PHOTO: Music Box Films

PHOTO: Music Box Films

Fontaine has made some very good motion pictures in her directorial career, most notably last year’s Gemma Bovery and 2008’s The Girl from Monaco, but she’s never come close to this sort of brilliance, her steady hand steering things to their finish with a level of confidence that’s tremendous. She is aided in no small part by Caroline Champetier’s (Holy Motors) superlative cinematography, her depictions of this austere landscape ravaged by war recalling the melancholic intimacy of films like Andrzej Wajda’s Ashes and Diamonds and Agnieszka Holland’s Europa Europa.

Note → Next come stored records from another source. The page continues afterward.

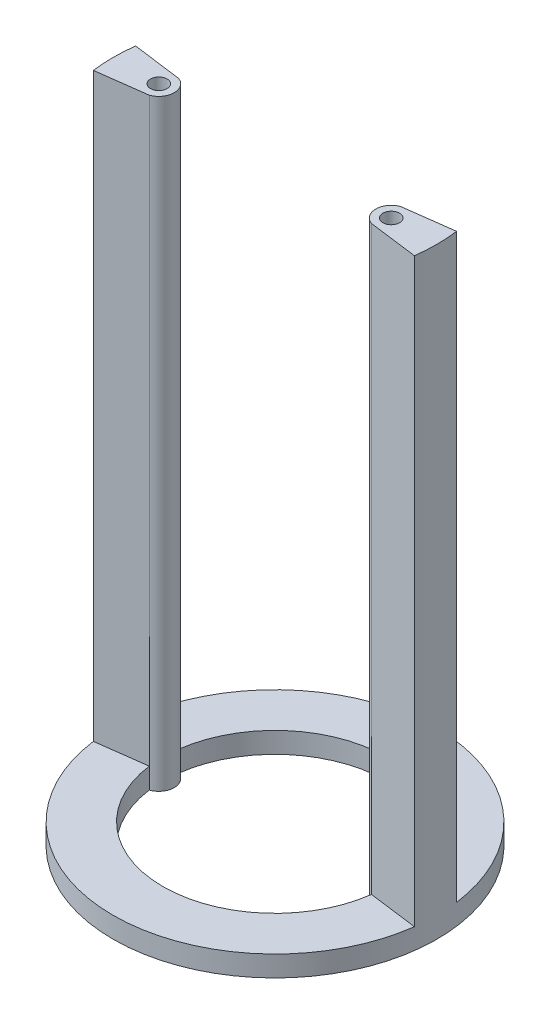
ISO-10303-21;
HEADER;
FILE_DESCRIPTION(('STEP AP214'),'2;1');
FILE_NAME('part.step','',(''),(''),'','','');
FILE_SCHEMA(('AUTOMOTIVE_DESIGN { 1 0 10303 214 1 1 1 1 }'));
ENDSEC;
DATA;
#1=APPLICATION_CONTEXT('core data for automotive mechanical design processes');
#2=APPLICATION_PROTOCOL_DEFINITION('international standard','automotive_design',2000,#1);
#3=PRODUCT_CONTEXT('',#1,'mechanical');
#4=PRODUCT('Part','Part','',(#3));
#5=PRODUCT_RELATED_PRODUCT_CATEGORY('part','',(#4));
#6=PRODUCT_DEFINITION_FORMATION('','',#4);
#7=PRODUCT_DEFINITION_CONTEXT('part definition',#1,'design');
#8=PRODUCT_DEFINITION('design','',#6,#7);
#9=PRODUCT_DEFINITION_SHAPE('','',#8);
#10=(LENGTH_UNIT() NAMED_UNIT(*) SI_UNIT(.MILLI.,.METRE.));
#11=(NAMED_UNIT(*) PLANE_ANGLE_UNIT() SI_UNIT($,.RADIAN.));
#12=(NAMED_UNIT(*) SI_UNIT($,.STERADIAN.) SOLID_ANGLE_UNIT());
#13=UNCERTAINTY_MEASURE_WITH_UNIT(LENGTH_MEASURE(1.E-05),#10,'distance_accuracy_value','');
#14=(GEOMETRIC_REPRESENTATION_CONTEXT(3) GLOBAL_UNCERTAINTY_ASSIGNED_CONTEXT((#13)) GLOBAL_UNIT_ASSIGNED_CONTEXT((#10,
#11,#12)) REPRESENTATION_CONTEXT('',''));
#15=CARTESIAN_POINT('',(0.,0.,0.));
#16=DIRECTION('',(0.,0.,1.));
#17=DIRECTION('',(1.,0.,0.));
#18=AXIS2_PLACEMENT_3D('',#15,#16,#17);
#19=CARTESIAN_POINT('',(0.,0.,0.));
#20=DIRECTION('',(0.,1.,0.));
#21=DIRECTION('',(0.,0.,1.));
#22=AXIS2_PLACEMENT_3D('',#19,#20,#21);
#23=PLANE('',#22);
#24=CARTESIAN_POINT('',(0.,0.,0.));
#25=DIRECTION('',(0.,1.,0.));
#26=DIRECTION('',(0.,0.,1.));
#27=AXIS2_PLACEMENT_3D('',#24,#25,#26);
#28=CIRCLE('',#27,49.53);
#29=CARTESIAN_POINT('',(0.,0.,49.53));
#30=VERTEX_POINT('',#29);
#31=EDGE_CURVE('E38',#30,#30,#28,.T.);
#32=ORIENTED_EDGE('',*,*,#31,.F.);
#33=EDGE_LOOP('',(#32));
#34=FACE_BOUND('',#33,.T.);
#35=CARTESIAN_POINT('',(0.,0.,0.));
#36=DIRECTION('',(0.,1.,0.));
#37=DIRECTION('',(0.,0.,1.));
#38=AXIS2_PLACEMENT_3D('',#35,#36,#37);
#39=CIRCLE('',#38,34.29);
#40=CARTESIAN_POINT('',(-33.996644296508,0.,4.47574313122558));
#41=VERTEX_POINT('',#40);
#42=CARTESIAN_POINT('',(33.996644296508,0.,4.47574313122558));
#43=VERTEX_POINT('',#42);
#44=EDGE_CURVE('E172',#41,#43,#39,.T.);
#45=ORIENTED_EDGE('',*,*,#44,.T.);
#46=CARTESIAN_POINT('',(35.56,0.,0.));
#47=DIRECTION('',(0.,1.,0.));
#48=DIRECTION('',(0.,0.,-1.));
#49=AXIS2_PLACEMENT_3D('',#46,#47,#48);
#50=CIRCLE('',#49,4.74092371087682);
#51=CARTESIAN_POINT('',(33.996644296508,0.,-4.47574313122558));
#52=VERTEX_POINT('',#51);
#53=EDGE_CURVE('E183',#52,#43,#50,.T.);
#54=ORIENTED_EDGE('',*,*,#53,.F.);
#55=CARTESIAN_POINT('',(-33.996644296508,0.,-4.47574313122558));
#56=VERTEX_POINT('',#55);
#57=EDGE_CURVE('E58',#52,#56,#39,.T.);
#58=ORIENTED_EDGE('',*,*,#57,.T.);
#59=CARTESIAN_POINT('',(-35.56,0.,0.));
#60=DIRECTION('',(0.,1.,0.));
#61=DIRECTION('',(0.,0.,1.));
#62=AXIS2_PLACEMENT_3D('',#59,#60,#61);
#63=CIRCLE('',#62,4.74092371087682);
#64=EDGE_CURVE('E182',#41,#56,#63,.T.);
#65=ORIENTED_EDGE('',*,*,#64,.F.);
#66=EDGE_LOOP('',(#45,#54,#58,#65));
#67=FACE_BOUND('',#66,.T.);
#68=CARTESIAN_POINT('',(-35.56,0.,0.));
#69=DIRECTION('',(0.,-1.,0.));
#70=DIRECTION('',(0.,0.,-1.));
#71=AXIS2_PLACEMENT_3D('',#68,#69,#70);
#72=CIRCLE('',#71,2.5527);
#73=CARTESIAN_POINT('',(-35.56,0.,-2.5527));
#74=VERTEX_POINT('',#73);
#75=EDGE_CURVE('E190',#74,#74,#72,.T.);
#76=ORIENTED_EDGE('',*,*,#75,.F.);
#77=EDGE_LOOP('',(#76));
#78=FACE_BOUND('',#77,.T.);
#79=CARTESIAN_POINT('',(35.56,0.,0.));
#80=DIRECTION('',(0.,1.,0.));
#81=DIRECTION('',(0.,0.,1.));
#82=AXIS2_PLACEMENT_3D('',#79,#80,#81);
#83=CIRCLE('',#82,2.5527);
#84=CARTESIAN_POINT('',(35.56,0.,2.5527));
#85=VERTEX_POINT('',#84);
#86=EDGE_CURVE('E201',#85,#85,#83,.T.);
#87=ORIENTED_EDGE('',*,*,#86,.T.);
#88=EDGE_LOOP('',(#87));
#89=FACE_BOUND('',#88,.T.);
#90=ADVANCED_FACE('F34',(#34,#67,#78,#89),#23,.F.);
#91=CARTESIAN_POINT('',(0.,6.35,0.));
#92=DIRECTION('',(0.,-1.,0.));
#93=DIRECTION('',(0.,0.,-1.));
#94=AXIS2_PLACEMENT_3D('',#91,#92,#93);
#95=CYLINDRICAL_SURFACE('',#94,34.29);
#96=DIRECTION('',(0.,1.,0.));
#97=VECTOR('',#96,1.);
#98=CARTESIAN_POINT('',(33.996644296508,0.,4.47574313122558));
#99=LINE('',#98,#97);
#100=CARTESIAN_POINT('',(33.996644296508,6.35,4.47574313122558));
#101=VERTEX_POINT('',#100);
#102=EDGE_CURVE('E50',#43,#101,#99,.T.);
#103=ORIENTED_EDGE('',*,*,#102,.F.);
#104=ORIENTED_EDGE('',*,*,#44,.F.);
#105=DIRECTION('',(0.,1.,0.));
#106=VECTOR('',#105,1.);
#107=CARTESIAN_POINT('',(-33.996644296508,0.,4.47574313122558));
#108=LINE('',#107,#106);
#109=CARTESIAN_POINT('',(-33.996644296508,6.35,4.47574313122558));
#110=VERTEX_POINT('',#109);
#111=EDGE_CURVE('E191',#41,#110,#108,.T.);
#112=ORIENTED_EDGE('',*,*,#111,.T.);
#113=CARTESIAN_POINT('',(0.,6.35,0.));
#114=DIRECTION('',(0.,1.,0.));
#115=DIRECTION('',(0.,0.,1.));
#116=AXIS2_PLACEMENT_3D('',#113,#114,#115);
#117=CIRCLE('',#116,34.29);
#118=EDGE_CURVE('E175',#110,#101,#117,.T.);
#119=ORIENTED_EDGE('',*,*,#118,.T.);
#120=EDGE_LOOP('',(#103,#104,#112,#119));
#121=FACE_BOUND('',#120,.T.);
#122=ADVANCED_FACE('F225',(#121),#95,.F.);
#123=DIRECTION('',(0.,1.,0.));
#124=VECTOR('',#123,1.);
#125=CARTESIAN_POINT('',(33.996644296508,0.,-4.47574313122558));
#126=LINE('',#125,#124);
#127=CARTESIAN_POINT('',(33.996644296508,6.35,-4.47574313122557));
#128=VERTEX_POINT('',#127);
#129=EDGE_CURVE('E197',#52,#128,#126,.T.);
#130=ORIENTED_EDGE('',*,*,#129,.T.);
#131=CARTESIAN_POINT('',(-33.996644296508,6.35,-4.47574313122558));
#132=VERTEX_POINT('',#131);
#133=EDGE_CURVE('E173',#128,#132,#117,.T.);
#134=ORIENTED_EDGE('',*,*,#133,.T.);
#135=DIRECTION('',(0.,1.,0.));
#136=VECTOR('',#135,1.);
#137=CARTESIAN_POINT('',(-33.996644296508,0.,-4.47574313122558));
#138=LINE('',#137,#136);
#139=EDGE_CURVE('E185',#56,#132,#138,.T.);
#140=ORIENTED_EDGE('',*,*,#139,.F.);
#141=ORIENTED_EDGE('',*,*,#57,.F.);
#142=EDGE_LOOP('',(#130,#134,#140,#141));
#143=FACE_BOUND('',#142,.T.);
#144=ADVANCED_FACE('F186',(#143),#95,.F.);
#145=CARTESIAN_POINT('',(0.,6.35,0.));
#146=DIRECTION('',(0.,1.,0.));
#147=DIRECTION('',(0.,0.,1.));
#148=AXIS2_PLACEMENT_3D('',#145,#146,#147);
#149=PLANE('',#148);
#150=ORIENTED_EDGE('',*,*,#133,.F.);
#151=DIRECTION('',(-0.99144486137381,0.,0.130526192220052));
#152=VECTOR('',#151,1.);
#153=CARTESIAN_POINT('',(33.996644296508,6.35,-4.47574313122558));
#154=LINE('',#153,#152);
#155=CARTESIAN_POINT('',(49.1062639838448,6.35,-6.46496230065917));
#156=VERTEX_POINT('',#155);
#157=EDGE_CURVE('E208',#156,#128,#154,.T.);
#158=ORIENTED_EDGE('',*,*,#157,.F.);
#159=CARTESIAN_POINT('',(0.,6.35,0.));
#160=DIRECTION('',(0.,1.,0.));
#161=DIRECTION('',(0.,0.,1.));
#162=AXIS2_PLACEMENT_3D('',#159,#160,#161);
#163=CIRCLE('',#162,49.53);
#164=CARTESIAN_POINT('',(-49.1062639838448,6.35,-6.46496230065917));
#165=VERTEX_POINT('',#164);
#166=EDGE_CURVE('E43',#156,#165,#163,.T.);
#167=ORIENTED_EDGE('',*,*,#166,.T.);
#168=DIRECTION('',(-0.99144486137381,0.,-0.130526192220052));
#169=VECTOR('',#168,1.);
#170=CARTESIAN_POINT('',(-49.1062639838448,6.35,-6.46496230065917));
#171=LINE('',#170,#169);
#172=EDGE_CURVE('E152',#132,#165,#171,.T.);
#173=ORIENTED_EDGE('',*,*,#172,.F.);
#174=EDGE_LOOP('',(#150,#158,#167,#173));
#175=FACE_BOUND('',#174,.T.);
#176=ADVANCED_FACE('F230',(#175),#149,.T.);
#177=CARTESIAN_POINT('',(-49.1062639838448,6.35,6.46496230065917));
#178=VERTEX_POINT('',#177);
#179=CARTESIAN_POINT('',(49.1062639838448,6.35,6.46496230065917));
#180=VERTEX_POINT('',#179);
#181=EDGE_CURVE('E11',#178,#180,#163,.T.);
#182=ORIENTED_EDGE('',*,*,#181,.T.);
#183=DIRECTION('',(0.99144486137381,0.,0.130526192220052));
#184=VECTOR('',#183,1.);
#185=CARTESIAN_POINT('',(33.996644296508,6.35,4.47574313122558));
#186=LINE('',#185,#184);
#187=EDGE_CURVE('E134',#101,#180,#186,.T.);
#188=ORIENTED_EDGE('',*,*,#187,.F.);
#189=ORIENTED_EDGE('',*,*,#118,.F.);
#190=DIRECTION('',(0.99144486137381,0.,-0.130526192220052));
#191=VECTOR('',#190,1.);
#192=CARTESIAN_POINT('',(-33.996644296508,6.35,4.47574313122558));
#193=LINE('',#192,#191);
#194=EDGE_CURVE('E142',#178,#110,#193,.T.);
#195=ORIENTED_EDGE('',*,*,#194,.F.);
#196=EDGE_LOOP('',(#182,#188,#189,#195));
#197=FACE_BOUND('',#196,.T.);
#198=ADVANCED_FACE('F222',(#197),#149,.T.);
#199=CARTESIAN_POINT('',(0.,6.35,0.));
#200=DIRECTION('',(0.,-1.,0.));
#201=DIRECTION('',(0.,0.,-1.));
#202=AXIS2_PLACEMENT_3D('',#199,#200,#201);
#203=CYLINDRICAL_SURFACE('',#202,49.53);
#204=DIRECTION('',(0.,-1.,0.));
#205=VECTOR('',#204,1.);
#206=CARTESIAN_POINT('',(49.1062639838448,184.15,6.46496230065917));
#207=LINE('',#206,#205);
#208=CARTESIAN_POINT('',(49.1062639838448,184.15,6.46496230065917));
#209=VERTEX_POINT('',#208);
#210=EDGE_CURVE('E212',#209,#180,#207,.T.);
#211=ORIENTED_EDGE('',*,*,#210,.T.);
#212=ORIENTED_EDGE('',*,*,#181,.F.);
#213=DIRECTION('',(0.,-1.,0.));
#214=VECTOR('',#213,1.);
#215=CARTESIAN_POINT('',(-49.1062639838448,184.15,6.46496230065917));
#216=LINE('',#215,#214);
#217=CARTESIAN_POINT('',(-49.1062639838448,184.15,6.46496230065917));
#218=VERTEX_POINT('',#217);
#219=EDGE_CURVE('E170',#218,#178,#216,.T.);
#220=ORIENTED_EDGE('',*,*,#219,.F.);
#221=CARTESIAN_POINT('',(0.,184.15,0.));
#222=DIRECTION('',(0.,1.,0.));
#223=DIRECTION('',(0.,0.,-1.));
#224=AXIS2_PLACEMENT_3D('',#221,#222,#223);
#225=CIRCLE('',#224,49.53);
#226=CARTESIAN_POINT('',(-49.1062639838448,184.15,-6.46496230065917));
#227=VERTEX_POINT('',#226);
#228=EDGE_CURVE('E148',#227,#218,#225,.T.);
#229=ORIENTED_EDGE('',*,*,#228,.F.);
#230=DIRECTION('',(0.,-1.,0.));
#231=VECTOR('',#230,1.);
#232=CARTESIAN_POINT('',(-49.1062639838448,184.15,-6.46496230065917));
#233=LINE('',#232,#231);
#234=EDGE_CURVE('E158',#227,#165,#233,.T.);
#235=ORIENTED_EDGE('',*,*,#234,.T.);
#236=ORIENTED_EDGE('',*,*,#166,.F.);
#237=DIRECTION('',(0.,-1.,0.));
#238=VECTOR('',#237,1.);
#239=CARTESIAN_POINT('',(49.1062639838448,184.15,-6.46496230065917));
#240=LINE('',#239,#238);
#241=CARTESIAN_POINT('',(49.1062639838448,184.15,-6.46496230065917));
#242=VERTEX_POINT('',#241);
#243=EDGE_CURVE('E117',#242,#156,#240,.T.);
#244=ORIENTED_EDGE('',*,*,#243,.F.);
#245=CARTESIAN_POINT('',(0.,184.15,0.));
#246=DIRECTION('',(0.,1.,0.));
#247=DIRECTION('',(0.,0.,1.));
#248=AXIS2_PLACEMENT_3D('',#245,#246,#247);
#249=CIRCLE('',#248,49.53);
#250=EDGE_CURVE('E124',#209,#242,#249,.T.);
#251=ORIENTED_EDGE('',*,*,#250,.F.);
#252=EDGE_LOOP('',(#211,#212,#220,#229,#235,#236,#244,#251));
#253=FACE_BOUND('',#252,.T.);
#254=ORIENTED_EDGE('',*,*,#31,.T.);
#255=EDGE_LOOP('',(#254));
#256=FACE_BOUND('',#255,.T.);
#257=ADVANCED_FACE('F36',(#253,#256),#203,.T.);
#258=CARTESIAN_POINT('',(0.,184.15,0.));
#259=DIRECTION('',(0.,-1.,0.));
#260=DIRECTION('',(0.,0.,-1.));
#261=AXIS2_PLACEMENT_3D('',#258,#259,#260);
#262=PLANE('',#261);
#263=ORIENTED_EDGE('',*,*,#228,.T.);
#264=DIRECTION('',(0.99144486137381,0.,-0.130526192220052));
#265=VECTOR('',#264,1.);
#266=CARTESIAN_POINT('',(-33.996644296508,184.15,4.47574313122558));
#267=LINE('',#266,#265);
#268=CARTESIAN_POINT('',(-33.996644296508,184.15,4.47574313122558));
#269=VERTEX_POINT('',#268);
#270=EDGE_CURVE('E151',#218,#269,#267,.T.);
#271=ORIENTED_EDGE('',*,*,#270,.T.);
#272=CARTESIAN_POINT('',(-35.56,184.15,0.));
#273=DIRECTION('',(0.,1.,0.));
#274=DIRECTION('',(0.,0.,1.));
#275=AXIS2_PLACEMENT_3D('',#272,#273,#274);
#276=CIRCLE('',#275,4.74092371087682);
#277=CARTESIAN_POINT('',(-33.996644296508,184.15,-4.47574313122558));
#278=VERTEX_POINT('',#277);
#279=EDGE_CURVE('E154',#269,#278,#276,.T.);
#280=ORIENTED_EDGE('',*,*,#279,.T.);
#281=DIRECTION('',(-0.99144486137381,0.,-0.130526192220052));
#282=VECTOR('',#281,1.);
#283=CARTESIAN_POINT('',(-49.1062639838448,184.15,-6.46496230065917));
#284=LINE('',#283,#282);
#285=EDGE_CURVE('E156',#278,#227,#284,.T.);
#286=ORIENTED_EDGE('',*,*,#285,.T.);
#287=EDGE_LOOP('',(#263,#271,#280,#286));
#288=FACE_BOUND('',#287,.T.);
#289=CARTESIAN_POINT('',(-35.56,184.15,0.));
#290=DIRECTION('',(0.,1.,0.));
#291=DIRECTION('',(0.,0.,1.));
#292=AXIS2_PLACEMENT_3D('',#289,#290,#291);
#293=CIRCLE('',#292,2.5527);
#294=CARTESIAN_POINT('',(-35.56,184.15,2.5527));
#295=VERTEX_POINT('',#294);
#296=EDGE_CURVE('E139',#295,#295,#293,.T.);
#297=ORIENTED_EDGE('',*,*,#296,.F.);
#298=EDGE_LOOP('',(#297));
#299=FACE_BOUND('',#298,.T.);
#300=ADVANCED_FACE('F238',(#288,#299),#262,.F.);
#301=CARTESIAN_POINT('',(-33.996644296508,184.15,4.47574313122558));
#302=DIRECTION('',(-0.130526192220052,0.,-0.99144486137381));
#303=DIRECTION('',(-0.99144486137381,0.,0.130526192220052));
#304=AXIS2_PLACEMENT_3D('',#301,#302,#303);
#305=PLANE('',#304);
#306=ORIENTED_EDGE('',*,*,#194,.T.);
#307=DIRECTION('',(0.,-1.,0.));
#308=VECTOR('',#307,1.);
#309=CARTESIAN_POINT('',(-33.996644296508,184.15,4.47574313122558));
#310=LINE('',#309,#308);
#311=EDGE_CURVE('E167',#269,#110,#310,.T.);
#312=ORIENTED_EDGE('',*,*,#311,.F.);
#313=ORIENTED_EDGE('',*,*,#270,.F.);
#314=ORIENTED_EDGE('',*,*,#219,.T.);
#315=EDGE_LOOP('',(#306,#312,#313,#314));
#316=FACE_BOUND('',#315,.T.);
#317=ADVANCED_FACE('F243',(#316),#305,.F.);
#318=CARTESIAN_POINT('',(-35.56,184.15,0.));
#319=DIRECTION('',(0.,-1.,0.));
#320=DIRECTION('',(0.,0.,-1.));
#321=AXIS2_PLACEMENT_3D('',#318,#319,#320);
#322=CYLINDRICAL_SURFACE('',#321,4.74092371087682);
#323=ORIENTED_EDGE('',*,*,#311,.T.);
#324=ORIENTED_EDGE('',*,*,#111,.F.);
#325=ORIENTED_EDGE('',*,*,#64,.T.);
#326=ORIENTED_EDGE('',*,*,#139,.T.);
#327=DIRECTION('',(0.,-1.,0.));
#328=VECTOR('',#327,1.);
#329=CARTESIAN_POINT('',(-33.996644296508,184.15,-4.47574313122558));
#330=LINE('',#329,#328);
#331=EDGE_CURVE('E164',#278,#132,#330,.T.);
#332=ORIENTED_EDGE('',*,*,#331,.F.);
#333=ORIENTED_EDGE('',*,*,#279,.F.);
#334=EDGE_LOOP('',(#323,#324,#325,#326,#332,#333));
#335=FACE_BOUND('',#334,.T.);
#336=ADVANCED_FACE('F194',(#335),#322,.T.);
#337=CARTESIAN_POINT('',(-49.1062639838448,184.15,-6.46496230065917));
#338=DIRECTION('',(-0.130526192220052,0.,0.99144486137381));
#339=DIRECTION('',(0.99144486137381,0.,0.130526192220052));
#340=AXIS2_PLACEMENT_3D('',#337,#338,#339);
#341=PLANE('',#340);
#342=ORIENTED_EDGE('',*,*,#172,.T.);
#343=ORIENTED_EDGE('',*,*,#234,.F.);
#344=ORIENTED_EDGE('',*,*,#285,.F.);
#345=ORIENTED_EDGE('',*,*,#331,.T.);
#346=EDGE_LOOP('',(#342,#343,#344,#345));
#347=FACE_BOUND('',#346,.T.);
#348=ADVANCED_FACE('F233',(#347),#341,.F.);
#349=CARTESIAN_POINT('',(-35.56,184.15,0.));
#350=DIRECTION('',(0.,-1.,0.));
#351=DIRECTION('',(0.,0.,-1.));
#352=AXIS2_PLACEMENT_3D('',#349,#350,#351);
#353=CYLINDRICAL_SURFACE('',#352,2.5527);
#354=ORIENTED_EDGE('',*,*,#75,.T.);
#355=EDGE_LOOP('',(#354));
#356=FACE_BOUND('',#355,.T.);
#357=ORIENTED_EDGE('',*,*,#296,.T.);
#358=EDGE_LOOP('',(#357));
#359=FACE_BOUND('',#358,.T.);
#360=ADVANCED_FACE('F290',(#356,#359),#353,.F.);
#361=CARTESIAN_POINT('',(0.,184.15,0.));
#362=DIRECTION('',(0.,1.,0.));
#363=DIRECTION('',(0.,0.,1.));
#364=AXIS2_PLACEMENT_3D('',#361,#362,#363);
#365=PLANE('',#364);
#366=ORIENTED_EDGE('',*,*,#250,.T.);
#367=DIRECTION('',(-0.99144486137381,0.,0.130526192220052));
#368=VECTOR('',#367,1.);
#369=CARTESIAN_POINT('',(33.996644296508,184.15,-4.47574313122558));
#370=LINE('',#369,#368);
#371=CARTESIAN_POINT('',(33.996644296508,184.15,-4.47574313122558));
#372=VERTEX_POINT('',#371);
#373=EDGE_CURVE('E112',#242,#372,#370,.T.);
#374=ORIENTED_EDGE('',*,*,#373,.T.);
#375=CARTESIAN_POINT('',(35.56,184.15,0.));
#376=DIRECTION('',(0.,1.,0.));
#377=DIRECTION('',(0.,0.,-1.));
#378=AXIS2_PLACEMENT_3D('',#375,#376,#377);
#379=CIRCLE('',#378,4.74092371087682);
#380=CARTESIAN_POINT('',(33.996644296508,184.15,4.47574313122558));
#381=VERTEX_POINT('',#380);
#382=EDGE_CURVE('E123',#372,#381,#379,.T.);
#383=ORIENTED_EDGE('',*,*,#382,.T.);
#384=DIRECTION('',(0.99144486137381,0.,0.130526192220052));
#385=VECTOR('',#384,1.);
#386=CARTESIAN_POINT('',(33.996644296508,184.15,4.47574313122558));
#387=LINE('',#386,#385);
#388=EDGE_CURVE('E130',#381,#209,#387,.T.);
#389=ORIENTED_EDGE('',*,*,#388,.T.);
#390=EDGE_LOOP('',(#366,#374,#383,#389));
#391=FACE_BOUND('',#390,.T.);
#392=CARTESIAN_POINT('',(35.56,184.15,0.));
#393=DIRECTION('',(0.,1.,0.));
#394=DIRECTION('',(0.,0.,-1.));
#395=AXIS2_PLACEMENT_3D('',#392,#393,#394);
#396=CIRCLE('',#395,2.5527);
#397=CARTESIAN_POINT('',(35.56,184.15,-2.5527));
#398=VERTEX_POINT('',#397);
#399=EDGE_CURVE('E204',#398,#398,#396,.T.);
#400=ORIENTED_EDGE('',*,*,#399,.F.);
#401=EDGE_LOOP('',(#400));
#402=FACE_BOUND('',#401,.T.);
#403=ADVANCED_FACE('F127',(#391,#402),#365,.T.);
#404=CARTESIAN_POINT('',(33.996644296508,184.15,-4.47574313122558));
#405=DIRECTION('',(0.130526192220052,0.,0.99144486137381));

As strong as the technical aspects are, it is the emotional component that makes The Innocents a potential instant classic. Fontaine allows horror and catastrophe to intermingle with hope and salvation, shaping things in a way that allows the spiritual components to take root as if they had been burrowing deep into this story’s cinematic soil for multiple generations. The balance is always spot-on, and when tragedy strikes it does so right alongside redemption, in the process painting a fuller picture of religious complexities amongst the pious and the non-believer that is extraordinary. This movie is a one-of-a-kind experience, watching it a divine revelation I’ll likely be preaching the virtues of for a long time to come.